Desde luego, lo menos adecuado para estos días de influenza, en que no se alientan ni besos ni abrazos, ni tan siquiera corbatas (bueno, tampoco los romanos usaban corbatas, si a eso vamos, y no lo hicieron del todo mal).
Sin embargo, en nuestro país, o al menos en nuestra ciudad, las teorías de las conspiraciones se multiplicaron con una rapidez alarmante. Ésa sí que exponencial. El día que un virus tenga la velocidad de reproducción, crecimiento y diseminación de un rumor chilango, agárrense. Ni la OMS ni los CDC ni el INER ni ninguna de las instituciones cuyas siglas ignorábamos hace dos semanas y que ahora citamos con gran familiaridad podrá hacer algo para controlarlo.
Me imagino que esto debe venir de antiguo. Que si de verdad el águila estaba picoteando la serpiente, que si era nopal o garambullo, que si Ahuizotl... Y después, claro, la Corregidora, el Jefe Máximo, el PRI.

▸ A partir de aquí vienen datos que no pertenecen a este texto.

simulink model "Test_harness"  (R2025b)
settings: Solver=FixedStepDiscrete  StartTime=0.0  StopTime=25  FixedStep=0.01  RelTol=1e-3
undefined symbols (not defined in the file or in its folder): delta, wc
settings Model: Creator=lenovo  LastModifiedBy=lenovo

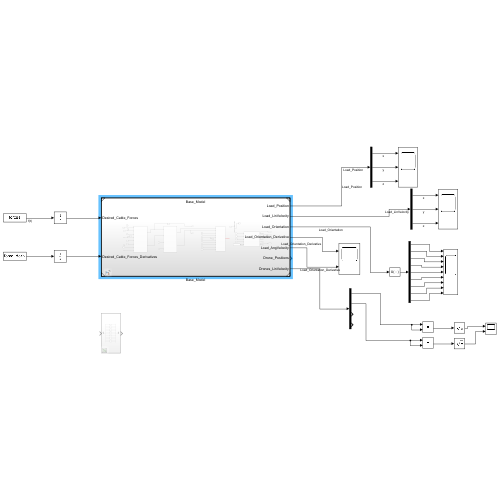
[thumbnail: Simulink's stored preview of the top-level diagram]
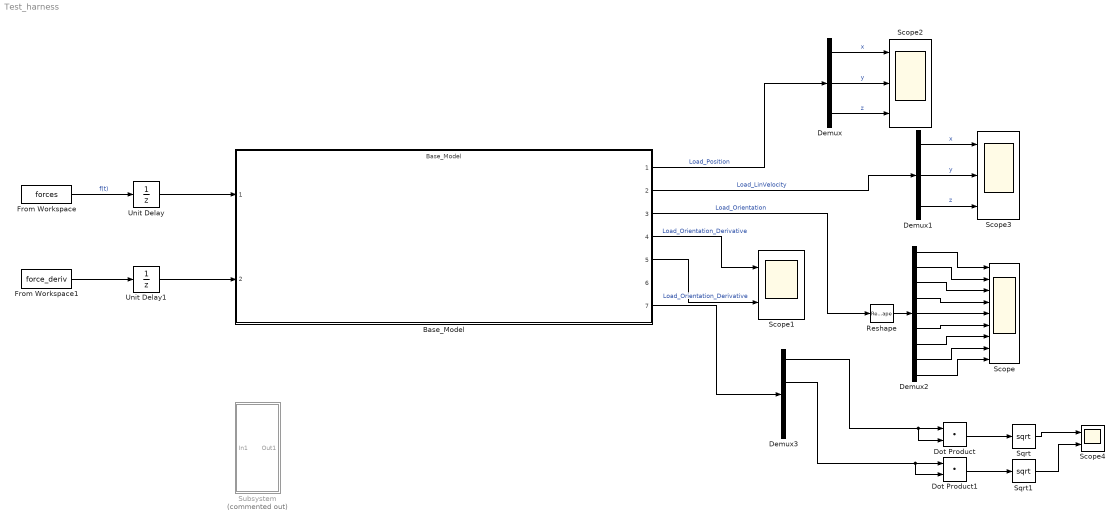
== system Test_harness ==
  Base_Model : ModelReference  ModelNameDialog=Base_Model.slx  SimulationMode=Normal  ModelReferenceVersion=1.70
  Demux : Demux  Outputs=3
  Demux1 : Demux  Outputs=3
  Demux2 : Demux  Outputs=9
  Demux3 : Demux
  Dot Product : DotProduct  OutDataTypeStr=Inherit: Inherit via internal rule
  Dot Product1 : DotProduct  OutDataTypeStr=Inherit: Inherit via internal rule
  From Workspace : FromWorkspace  VariableName=forces  OutputAfterFinalValue=Holding final value
  From Workspace1 : FromWorkspace  VariableName=force_deriv  OutputAfterFinalValue=Holding final value
  Reshape : Reshape
  Scope : Scope  NumInputPorts=9
      settings: ActiveDisplayYMinimum=0.9  ActiveDisplayYMaximum=1.1
  Scope1 : Scope  NumInputPorts=2
  Scope2 : Scope  NumInputPorts=3
      settings: ActiveDisplayYMinimum=-0.895178181091243  ActiveDisplayYMaximum=8.05660362982119  DataLoggingVariableName=Load_x1
  Scope3 : Scope  NumInputPorts=3
      settings: ActiveDisplayYMinimum=-1  ActiveDisplayYMaximum=1  DataLoggingVariableName=Load_x2
  Scope4 : Scope  NumInputPorts=2
      settings: ActiveDisplayYMinimum=-1.9423704031655016  ActiveDisplayYMaximum=17.481333628489519  DataLoggingVariableName=ScopeData2
  Sqrt : Sqrt
  Sqrt1 : Sqrt
  Subsystem : Subsystem  Commented=on
  Unit Delay : UnitDelay  SampleTime=-1  HasFrameUpgradeWarning=on
  Unit Delay1 : UnitDelay  SampleTime=-1  HasFrameUpgradeWarning=on
  wires:
  Base_Model/1 -> Demux/1  "Load_Position"
  Base_Model/3 -> Reshape/1  "Load_Orientation"
  Base_Model/4 -> Scope1/1  "Load_Orientation_Derivative"
  Base_Model/5 -> Scope1/2  "Load_Orientation_Derivative"
  Demux/1 -> Scope2/1  "x"
  Demux/2 -> Scope2/2  "y"
  Demux/3 -> Scope2/3  "z"
  From Workspace1/1 -> Unit Delay1/1
  Demux1/3 -> Scope3/3  "z"
  Demux1/2 -> Scope3/2  "y"
  Demux1/1 -> Scope3/1  "x"
  Base_Model/2 -> Demux1/1  "Load_LinVelocity"
  Unit Delay1/1 -> Base_Model/2
  From Workspace/1 -> Unit Delay/1  "f(t)"
  Unit Delay/1 -> Base_Model/1
  Demux2/1 -> Scope/1
  Demux2/2 -> Scope/2
  Demux2/3 -> Scope/3
  Demux2/4 -> Scope/4
  Demux2/5 -> Scope/5
  Demux2/6 -> Scope/6
  Demux2/7 -> Scope/7
  Demux2/8 -> Scope/8
  Demux2/9 -> Scope/9
  Reshape/1 -> Demux2/1
  Base_Model/7 -> Demux3/1
  Demux3/1 -> Dot Product/1, Dot Product/2
  Dot Product/1 -> Sqrt/1
  Sqrt/1 -> Scope4/1
  Sqrt1/1 -> Scope4/2
  Dot Product1/1 -> Sqrt1/1
  Demux3/2 -> Dot Product1/2, Dot Product1/1

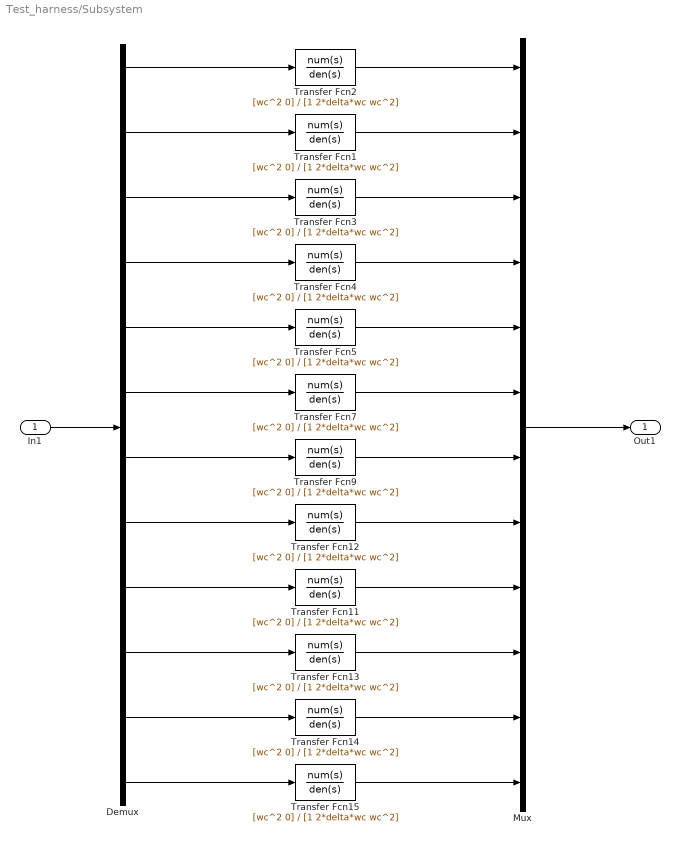
== system Test_harness/Subsystem ==
  In1 : Inport
  Demux : Demux  Outputs=12
  Mux : Mux  Inputs=12
  Transfer Fcn{1..5,7,9,11..15} (12 alike) : TransferFcn  Numerator=[wc^2 0]  Denominator=[1 2*delta*wc wc^2]
  Out1 : Outport
  wires:
  Demux/1 -> Transfer Fcn2/1
  Demux/2 -> Transfer Fcn1/1
  Demux/3 -> Transfer Fcn3/1
  Demux/4 -> Transfer Fcn4/1
  Demux/5 -> Transfer Fcn5/1
  Demux/6 -> Transfer Fcn7/1
  Demux/7 -> Transfer Fcn9/1
  Demux/8 -> Transfer Fcn12/1
  Demux/9 -> Transfer Fcn11/1
  Demux/10 -> Transfer Fcn13/1
  Demux/11 -> Transfer Fcn14/1
  Demux/12 -> Transfer Fcn15/1
  Transfer Fcn2/1 -> Mux/1
  Transfer Fcn1/1 -> Mux/2
  Transfer Fcn3/1 -> Mux/3
  Transfer Fcn4/1 -> Mux/4
  Transfer Fcn5/1 -> Mux/5
  Transfer Fcn7/1 -> Mux/6
  Transfer Fcn9/1 -> Mux/7
  Transfer Fcn12/1 -> Mux/8
  Transfer Fcn11/1 -> Mux/9
  Transfer Fcn13/1 -> Mux/10
  Transfer Fcn14/1 -> Mux/11
  Transfer Fcn15/1 -> Mux/12
  In1/1 -> Demux/1
  Mux/1 -> Out1/1

Lo cierto es que estamos tan acostumbrados a no creerles a las autoridades que ya desconfiamos en automático. Pero en mi experiencia ya bastante larga de teorías sobre las conspiraciones nunca me había tocado una a dos puntas.
Me explico: la idea siempre ha sido que las autoridades ocultan o minimizan todo lo malo que ocurre. El mejor ejemplo que podemos recordar es el de Miguel de la Madrid en 1985, cuando nos dijo, sin haber tenido tiempo ni de lavarse la cara después del temblor, que todo estaba bajo control. No sabemos ni sabremos jamás cuántas vidas se perdieron en el temblor, como tampoco sabremos cuántos muertos hubo en Tlatelolco, qué pasó cuando se nacionalizó la banca ni, muchísimo menos, cuando se desnacionalizó.
Pero en todos esos casos las teorías de la conspiración van en un mismo sentido. Sin importar de qué se trate, lo que ocurrió se nos ocultó, minimizó, filtró, para restarle importancia.
En esta ocasión, curiosamente, circulan dos teorías perfectamente opuestas de la conspiración.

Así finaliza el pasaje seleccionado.